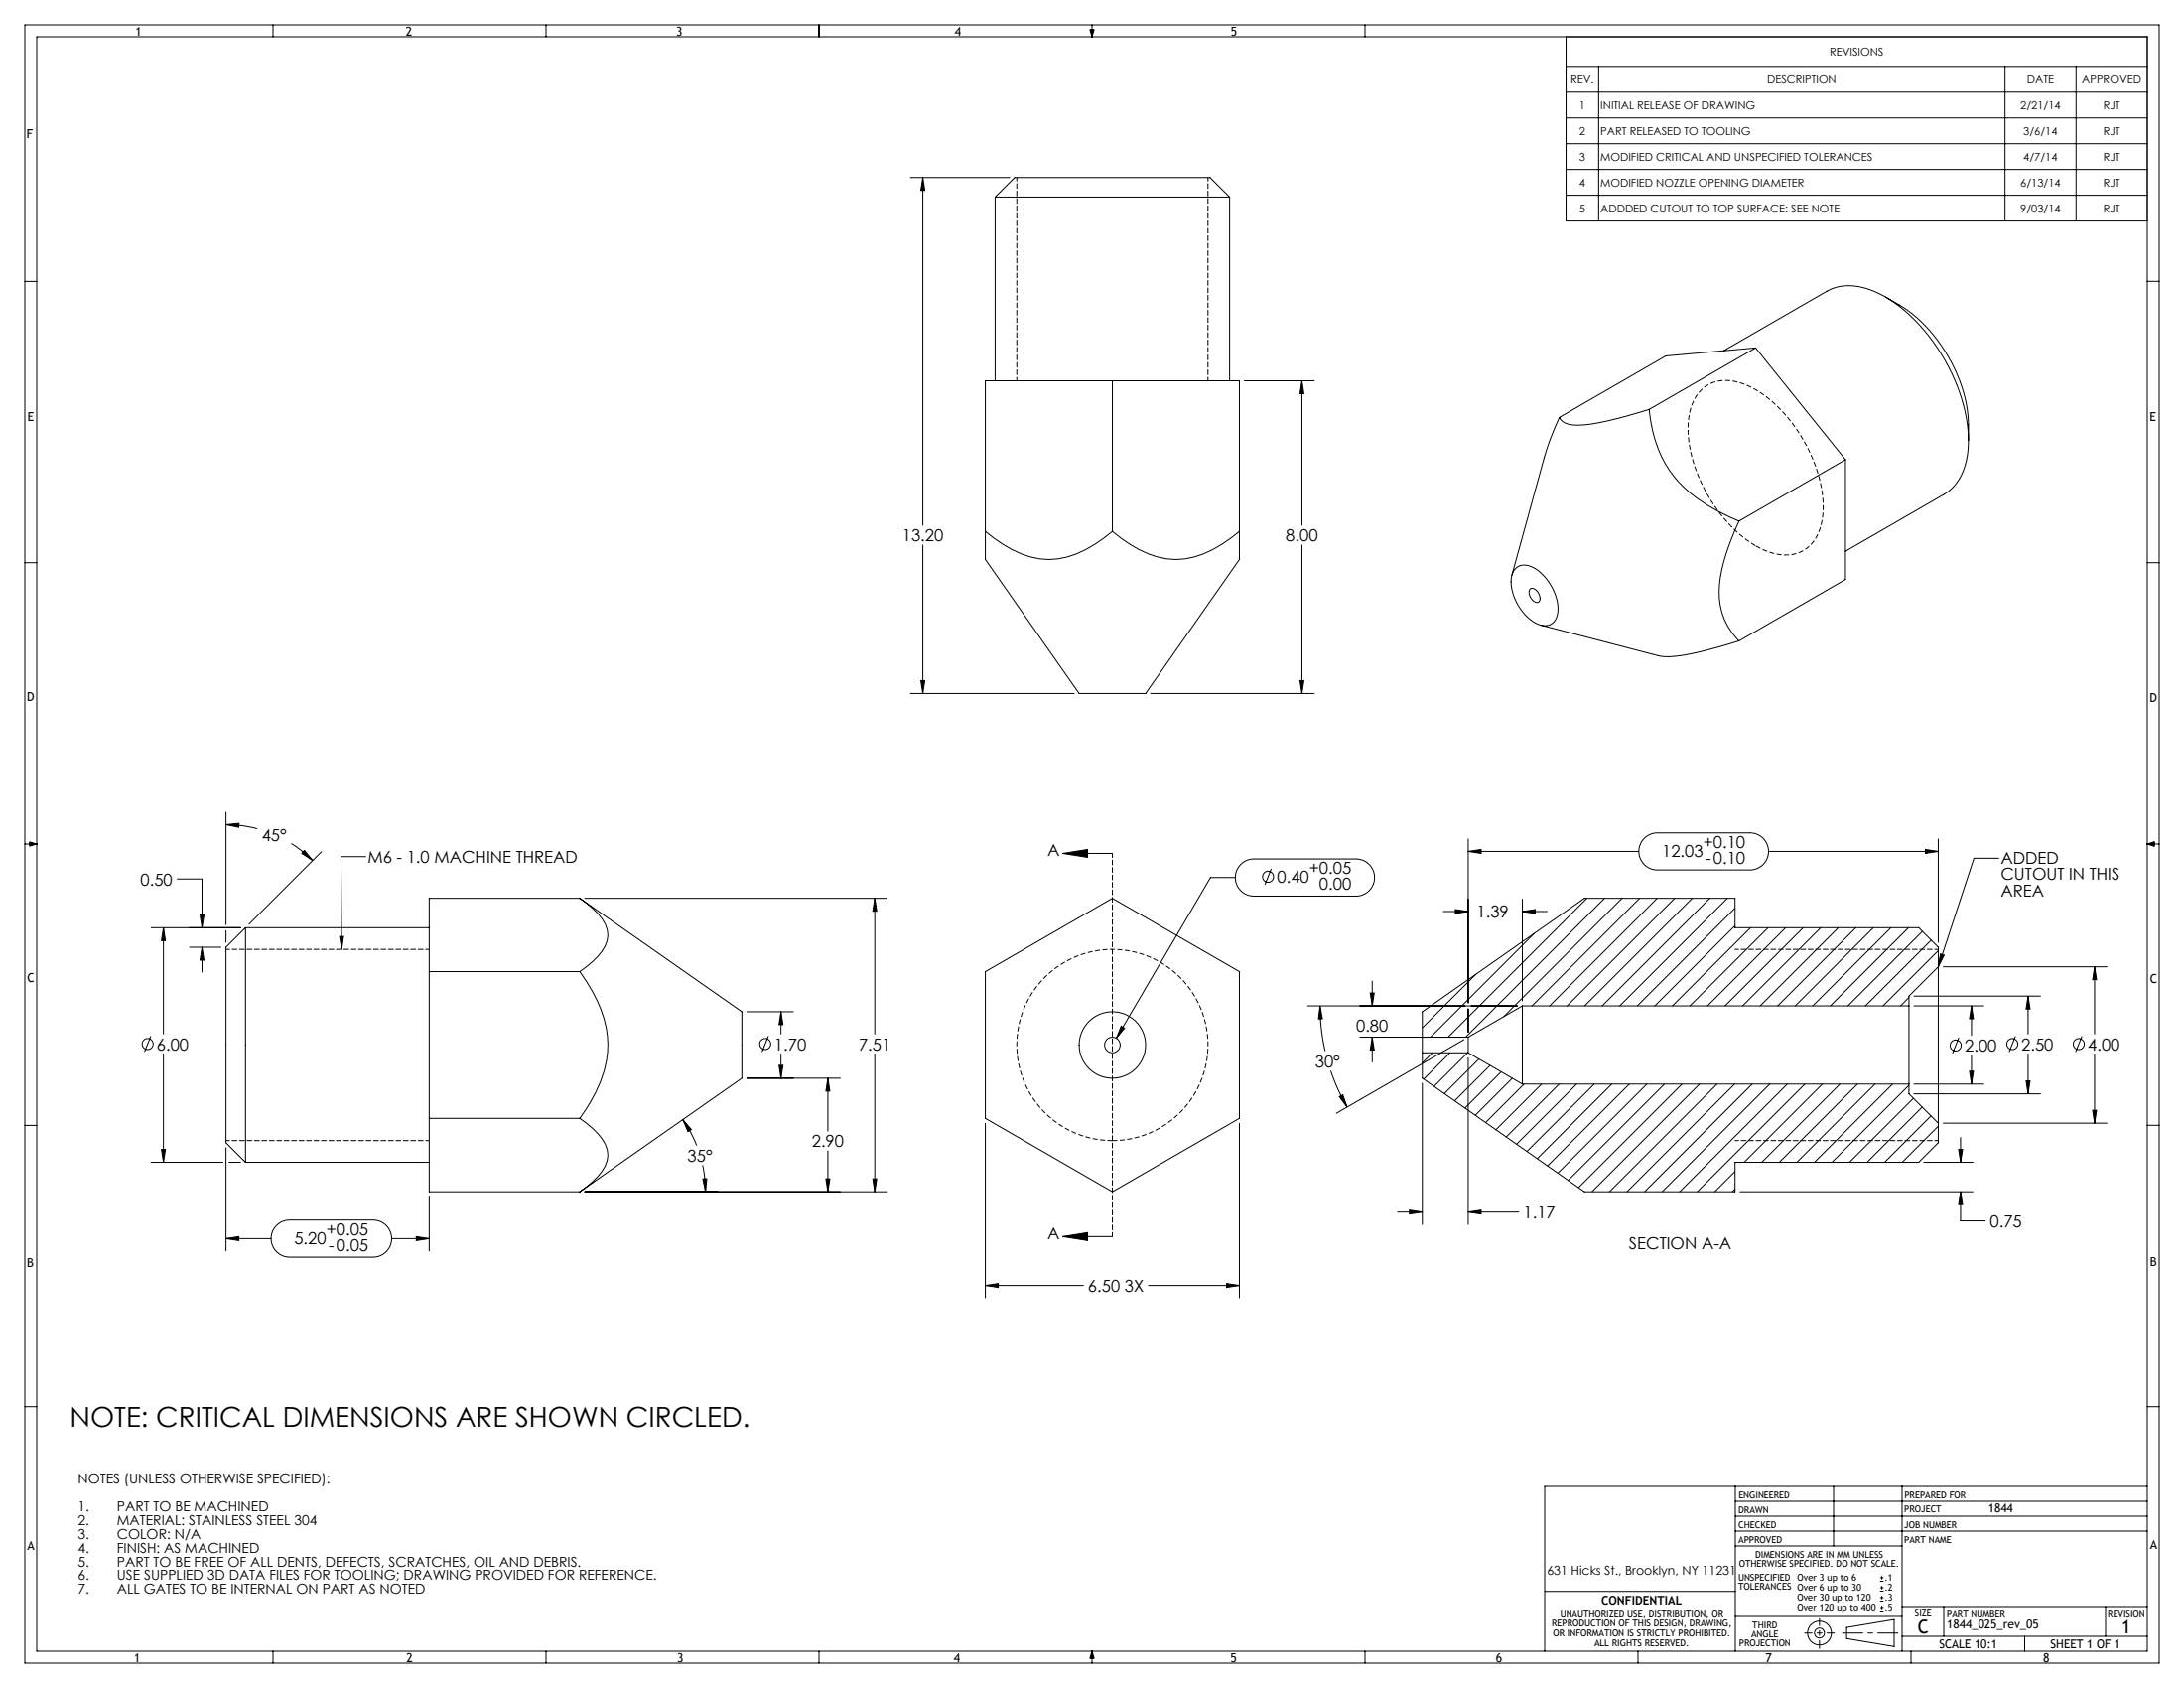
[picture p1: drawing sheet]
<svg xmlns="http://www.w3.org/2000/svg" width="559mm" height="432mm" viewBox="0 0 559 432" stroke-linecap="round" stroke-linejoin="round" font-family="sans-serif">
<g fill="none" stroke="#000" stroke-width=".25">
<path d="M6.3 6.4h546.1v419h-546.1zM9.4 9.4h540v413h-540zM69.8 6.4v3M139.7 6.4v3M209.5 6.4v3M278.9 7.6h1l-.5 1.8zM279.1 7.6l.3 1.8M279.4 6.4v3M279.7 7.6l-.3 1.8M349.2 6.4v3M400.7 9.4v47.1h148.7M400.7 17h148.7"/>
<path d="M409 17v39.5M513 17v39.5M531.2 17v39.5M400.7 30.2h148.7M400.7 36.8h148.7M400.7 23.6h148.7M232.9 45.4h25.4M236.1 45.4l.5 3.3h-1zM236.1 45.4v89M254.6 50.4l5-5h50l5 5M254.6 50.4h60M254.6 50.4v47"/>
<path d="M314.6 50.4v47M400.7 43.3h148.7M400.7 49.9h148.7M6.3 72h3.1M482.4 76a39.2 39.2 0 0 1 21.2 31.9v4.8M549.4 72h3M284.6 97.4v38.5M318.4 97.4h17.9M333.1 97.4l.5 3.3h-1zM333.1 97.4v37M441 89.7l26.4-15.2a13.2 13.2 0 0 1 12.1 0 40.3 40.3 0 0 1 18 17.5 41.4 41.4 0 0 1 6.1 22.9 14.2 14.2 0 0 1-6.1 11.5l-25.3 14.6M449.2 89l-27.2 15.7"/>
<path d="M449.2 89l23 28.6M449.2 89l-23 2.1-27.2 15.7M395.1 117.1l-8.3 30M399 106.8a69 69 0 0 0-3.9 10.3M422 104.7a74.3 74.3 0 0 1-18.2 4.1 5.6 5.6 0 0 1-4.5-1.5l-.3-.5M422 104.7a29.7 29.7 0 0 0 10.6 21.5 47.8 47.8 0 0 0 12.3 7.1M472.2 117.6l-27.3 15.7M472.2 117.6v30.6l-27.3 15.8M236.1 139.4v38M252.1 135.9a28.8 28.8 0 0 0 13.8 7 20.6 20.6 0 0 0 14.2-3.7l4.5-3.3M252.1 135.9v7.2l24 34.3h17l24-34.3v-7.2M252.1 135.9v-38.5h65v38.5"/>
<path d="M284.6 135.9a28.8 28.8 0 0 0 13.8 7 20.6 20.6 0 0 0 14.2-3.7l4.5-3.3M333.1 139.4v38M444.9 133.3a46.3 46.3 0 0 0-5 18 17 17 0 0 0 5 12.7M6.3 143.9h3.1M387.6 145.6a3.6 3.6 0 0 1 4.7-.4 12.7 12.7 0 0 1 6.2 12.1 3.3 3.3 0 0 1-4.8 2.4 12.5 12.5 0 0 1-6.9-12.4zM391.6 150.6a2.09 2.09 0 0 1 2.4 2.1 1.03 1.03 0 0 1-.5 1.4 1.03 1.03 0 0 1-1.4-.6 2.24 2.24 0 0 1-.5-2.9zM394.2 159.9l30.1 7.8a19.4 19.4 0 0 0 8.5-.5l4.2-.9 7.9-2.3M549.4 143.9h3M232.9 177.4h41.9M235.6 174.1h1l-.5 3.3zM294.4 177.4h41.9M332.6 174.1h1l-.5 3.3z"/>
<path d="M6.3 215.9h3.1M7.6 215.4l1.8 .5-1.8 .5zM7.6 215.6l1.8 .3M9.4 215.9l-1.8 .3M57.8 210.9l3.3-.3v1zM57.8 210.9l4 .3 4 .8M57.8 207.8v28.8M74.5 215.8a31.3 31.3 0 0 1 5.5 4.3M77.9 217.5l2.1 2.6-2.8-1.8zM82.2 217.9l-18.5 18.5M93.6 219.1h-6.4l.2 23.8M271.9 218.3l6.4-1v2z"/>
<path d="M271.9 218.3h12.7M375.7 217.8l3.3-.5v1zM375.7 214.6v42M375.7 217.8h43.6M420.7 214.4l1.3-.9 1.8-.4 23.9-.1a4.8 4.8 0 0 1 4.8 4.8 4.8 4.8 0 0 1-4.8 4.7h-23.6a4.8 4.8 0 0 1-4.4-2.9 4.8 4.8 0 0 1 1-5.2zM452.5 217.8h43.4M492.6 217.3l3.3 .5-3.3 .5zM495.9 214.6v26.4M511.4 219.5h-6.3l-9.2 27.8M549.4 215.9h3M549.4 215.9l1.8 .3M549.4 215.9l1.8-.6v1.2z"/>
<path d="M551.2 215.6l-1.8 .3M38.6 237.3h22.9M41.8 237.3l.5 3.3h-1zM41.8 237.3v27.2M45.3 224.8h6.4v12.5M51.2 234h1l-.5 3.3zM57.8 238.1v2.9M62.8 237.3l-5 5v50l5 5M62.8 237.3v60M62.8 237.3h47M86.9 239.6h1l-.5 3.3zM148.3 229.8a15.8 15.8 0 0 1 7.1 8 7.2 7.2 0 0 1-2.4 6.9l-1.4 1.3-3.3 2.5"/>
<path d="M148.3 229.8l41.5 29v17l-41.5 29M148.3 229.8h-38.5v75h38.5M149.6 229.8h77.4M223.8 229.8l.5 3.3h-1zM223.8 229.8v34.7M316.1 224.5h-6.4l-24.1 41.1M317.5 221.1l1.5-1 1.5-.4h26.4a4.8 4.8 0 0 1 4.8 4.8 4.8 4.8 0 0 1-4.8 4.7h-26.1a4.8 4.8 0 0 1-4.4-2.9 4.8 4.8 0 0 1 1.1-5.2zM325.3 222.3l-1.7 4M369.3 233.2h6.4M372.4 232.7l3.3 .5-3.3 .5zM389.5 233.2l3.3-.5v1zM389.5 230v26"/>
<path d="M389.5 233.2h6.4M392.6 238.7l-26.6 26.6M406 229.8l-35.5 35.5M410.5 229.8l-35.5 35.5M415 229.8l-30.3 30.3M419.5 229.8l-27.5 27.5M424 229.8l-27.5 27.5M428.5 229.8l-27.5 27.5M433 229.8l-27.5 27.5M437.5 229.8l-27.6 27.5M442 229.8l-27.6 27.5M443.9 232.3l-25 25"/>
<path d="M443.9 236.8l-20.5 20.5M447.9 237.3l-20 20M452.4 237.3l-20 20M456.9 237.3l-20 20M461.4 237.3l-20 20M465.9 237.3l-20 20M470.4 237.3l-20 20M474.8 237.3l-20 20M479.3 237.3l-20 20M483.8 237.3l-20 20M488.3 237.3l-20 20M491.9 238.3l-19.1 19"/>
<path d="M48.5 242.3h8M51.7 242.3l.5 3.3h-1zM51.7 242.3v6.4M109.8 248.5h38.5M148.3 248.5a32.4 32.4 0 0 1 7.2 18.6 29.5 29.5 0 0 1-5.7 16.9l-1.5 2.1M191.1 258.8h11.9M199.8 258.8l.5 3.3h-1zM199.8 258.8v5.7M252.1 248.5l32.5-18.7 25.7 14.8 6.8 3.9v37.6l-32.5 18.7-13.8-7.9-18.7-10.8zM334.6 257.3h53.6M337.7 257.3l.7 3.3h-1.1zM337.7 257.3l.3 5.3 1 6.3"/>
<path d="M350.6 254h1l-.5 3.3zM351.1 251v6.3M375.7 258.1v5.9M377.6 249.2l-13.7 13.7M389.5 257.3v20M389.5 257.3h98.9M389.5 257.3l-13.8 8M488.4 257.3v20M488.4 255.2l-2.1 2.1M489.7 257.3h17.9M489.7 254.8h32.4M494.1 240.5l-16.8 16.8"/>
<path d="M495.9 247.3v40M495.9 247.3v-5l-5-5h-47v-7.5h-38.5l-41.5 29v10.5M495.9 247.3l-7.5 7.5v2.5M495.9 243.2l-14.1 14.1M496.5 244l.9 .3-1.5 3zM497.2 247.3h41.9M504.4 257.3l.5 3.3h-1zM504.4 257.3v7.6M518.9 254.8l.5 3.3h-1zM518.9 254.8v9.7M535.9 247.3l.5 3.3h-1zM535.9 247.3v17.2"/>
<path d="M38.6 265.1l-1.6 4M41.8 269.6v27.7M191.1 275.8h23.9M196.6 265.1l-1.6 4M199.3 272.5h1l-.5 3.3zM199.8 269.6v6.2M211.8 275.8l.5 3.3h-1zM211.8 275.8v13.6M223.8 269.6v35.2M286.9 262.5l.8 .5-2.1 2.6zM340.5 273.9l1.8 4.8 2.4 4.5M347.9 265.3h27.8"/>
<path d="M351.1 265.3l.5 3.3h-1zM351.1 265.3v6.4M363.9 277.1v36.1M363.9 269.3v6.5l41.5 29h38.5v-7.5h47l5-5v-5M363.9 269.3h11.8M366.5 269.3l-2.6 2.6M371 269.3l-6.7 6.8M374.6 265.9l-32.7 18.9M375.5 269.3l-8.6 8.6M375.7 270.6v42.6M375.7 265.3v4M375.7 269.3l13.8 8"/>
<path d="M378.4 270.9l-8.9 8.8M381.2 272.5l-9 9.1M384.1 274.2l-9.3 9.2M386.9 275.8l-9.4 9.5M389.5 277.3h98.9M389.9 277.3l-9.8 9.8M394.4 277.3l-11.6 11.7M398.9 277.3l-13.5 13.5M403.4 277.3l-15.4 15.4M407.9 277.3l-17.2 17.2M412.4 277.3l-19.1 19.1M416.9 277.3l-20.9 20.9"/>
<path d="M421.4 277.3l-22.8 22.8M425.9 277.3l-24.7 24.6M430.4 277.3l-26.5 26.5M434.8 277.3l-27.5 27.5M439.3 277.3l-27.5 27.5M443.8 277.3l-27.5 27.5M448.3 277.3l-27.5 27.5M452.8 277.3l-27.5 27.5M457.3 277.3l-27.5 27.5M461.8 277.3l-27.5 27.5M466.3 277.3l-20 20M470.8 277.3l-20 20"/>
<path d="M475.3 277.3l-20 20M479.7 277.3l-20 20M484.2 277.3l-20 20M488.4 277.3v2.5l7.5 7.5M488.4 277.6l-19.7 19.7M489.7 277.3h17.9M489.7 279.8h32.4M501.2 265.4l-1.6 4.1M503.9 274h1l-.5 3.3zM504.4 270v7.3M515.7 265.1l-1.6 4M518.4 276.5h1l-.5 3.3z"/>
<path d="M518.9 269.6v10.2M532.7 265.1l-1.6 4M535.9 269.6v17.7M6.3 287.9h3.1M38.6 297.3h18.5M41.3 294h1l-.5 3.3zM57.8 293.6v26.4M58.6 297.3h2.9M62.8 297.3h47M109.8 286.1h38.5M148.3 286.1a15.8 15.8 0 0 1 7.1 8 7.2 7.2 0 0 1-2.4 6.9l-1.4 1.3-3.3 2.5M174.7 286.4l2.2 2.5-.9 .6z"/>
<path d="M174.7 286.4l2.2 3.6 1.3 3M179.8 298l.5 3.4 .2 3.4M211.8 294.4v10.4M252.1 287.3v44.7M317.1 287.3v44.7M342.7 280.5l.9-.5 1.1 3.2zM443.9 299.7l-5.2 5.1M489.6 281l-16.4 16.3M491.8 283.2l-14.1 14.1M492.2 297.3h12.6M494.1 285.4l-11.9 11.9M495.9 288.1l-9.2 9.2"/>
<path d="M497.2 287.3h41.9M501.1 294h1l-.5 3.3zM501.6 291v6.3M535.4 284h1l-.5 3.3zM549.4 287.9h3M57.8 316.8l3.3-.5v1zM57.8 316.8h11.6M70.8 313.5l1.5-1.1 1.5-.3h21.6a4.8 4.8 0 0 1 4.8 4.7 4.8 4.8 0 0 1-4.8 4.8h-21.3a4.8 4.8 0 0 1-4.4-3 4.8 4.8 0 0 1 1.1-5.1zM100.2 316.8h9.6M106.5 316.3l3.3 .5-3.3 .5zM109.8 306.1v13.9M149.6 304.8h77.4"/>
<path d="M179.8 301.6l1-.1-.3 3.3zM211.3 301.5h1l-.5 3.3zM223.3 301.5h1l-.5 3.3zM271.9 316.3l6.4-1v2zM271.9 316.3h12.7M357.6 310h6.3M360.6 309.5l3.3 .5-3.3 .6zM375.7 310l3.3-.5v1.1zM375.7 310h12.9M443.9 304.2l-.7 .6M445.2 304.8h59.6M501.6 304.8l.5 3.3h-1z"/>
<path d="M501.6 304.8v7.5h6.4M252.1 328.8l3.3-.5v1zM252.1 328.8h25.1M293.9 328.8h23.2M313.8 328.3l3.3 .5-3.3 .5zM6.3 359.8h3.1M549.4 359.8h3M444 384h105.4M444 387.9h105.4M444 380.2v42.2M444 395.5h42.7M444 391.7h105.4"/>
<path d="M469.1 380.2v15.3M486.7 380.2v42.2M549.4 380.2h-154.2v42.2M395.3 407.1h48.7M444 413.3h42.7M472.5 416.3l12.1-2v6.9l-12.1-2zM481 404.5h.9M481 403.6h.9M481 407h.9M481 406.1h.9M481 409.6h.9M481 408.7h.9"/>
<path d="M481 412.1h.9M481 411.2h.9M481.5 403.2v.8M481.5 405.7v.9M481.5 408.2v.9M481.5 410.8v.9M486.7 418.6h62.7M486.7 411h62.7M497.3 411v7.6M518 418.6v3.8M538.7 411v7.6M69.8 422.4v3"/>
<path d="M139.7 422.4v3M209.5 422.4v3M279.4 422.4v3M279.4 422.4l.5 1.8h-1zM279.4 422.4l.3 1.8M279.4 422.4l-.3 1.8M349.2 422.4v3M419.1 422.4v3M488.9 422.4v3"/>
<circle cx="324.5" cy="224.3" r="1.41"/>
<circle cx="37.8" cy="267.1" r="1.41"/>
<circle cx="195.8" cy="267.1" r="1.41"/>
<circle cx="284.6" cy="267.3" r="8.5"/>
<circle cx="284.6" cy="267.3" r="2"/>
<circle cx="500.4" cy="267.4" r="1.41"/>
<circle cx="514.9" cy="267.1" r="1.41"/>
<circle cx="531.9" cy="267.1" r="1.41"/>
<circle cx="465.5" cy="417.8" r="1.27"/>
<circle cx="465.5" cy="417.8" r="3"/>
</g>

Task instructions: Starting at the first line of the material, output exactly the lines up to and including the one with "6.4h546.1v419h-546.1zM9.4 9.4h540v413h-540zM69.8 6.4v3M139.7". Do not include the pictures.

Reply:
[picture p1: drawing sheet]
<svg xmlns="http://www.w3.org/2000/svg" width="559mm" height="432mm" viewBox="0 0 559 432" stroke-linecap="round" stroke-linejoin="round" font-family="sans-serif">
<g fill="none" stroke="#000" stroke-width=".25">
<path d="M6.3 6.4h546.1v419h-546.1zM9.4 9.4h540v413h-540zM69.8 6.4v3M139.7 6.4v3M209.5 6.4v3M278.9 7.6h1l-.5 1.8zM279.1 7.6l.3 1.8M279.4 6.4v3M279.7 7.6l-.3 1.8M349.2 6.4v3M400.7 9.4v47.1h148.7M400.7 17h148.7"/>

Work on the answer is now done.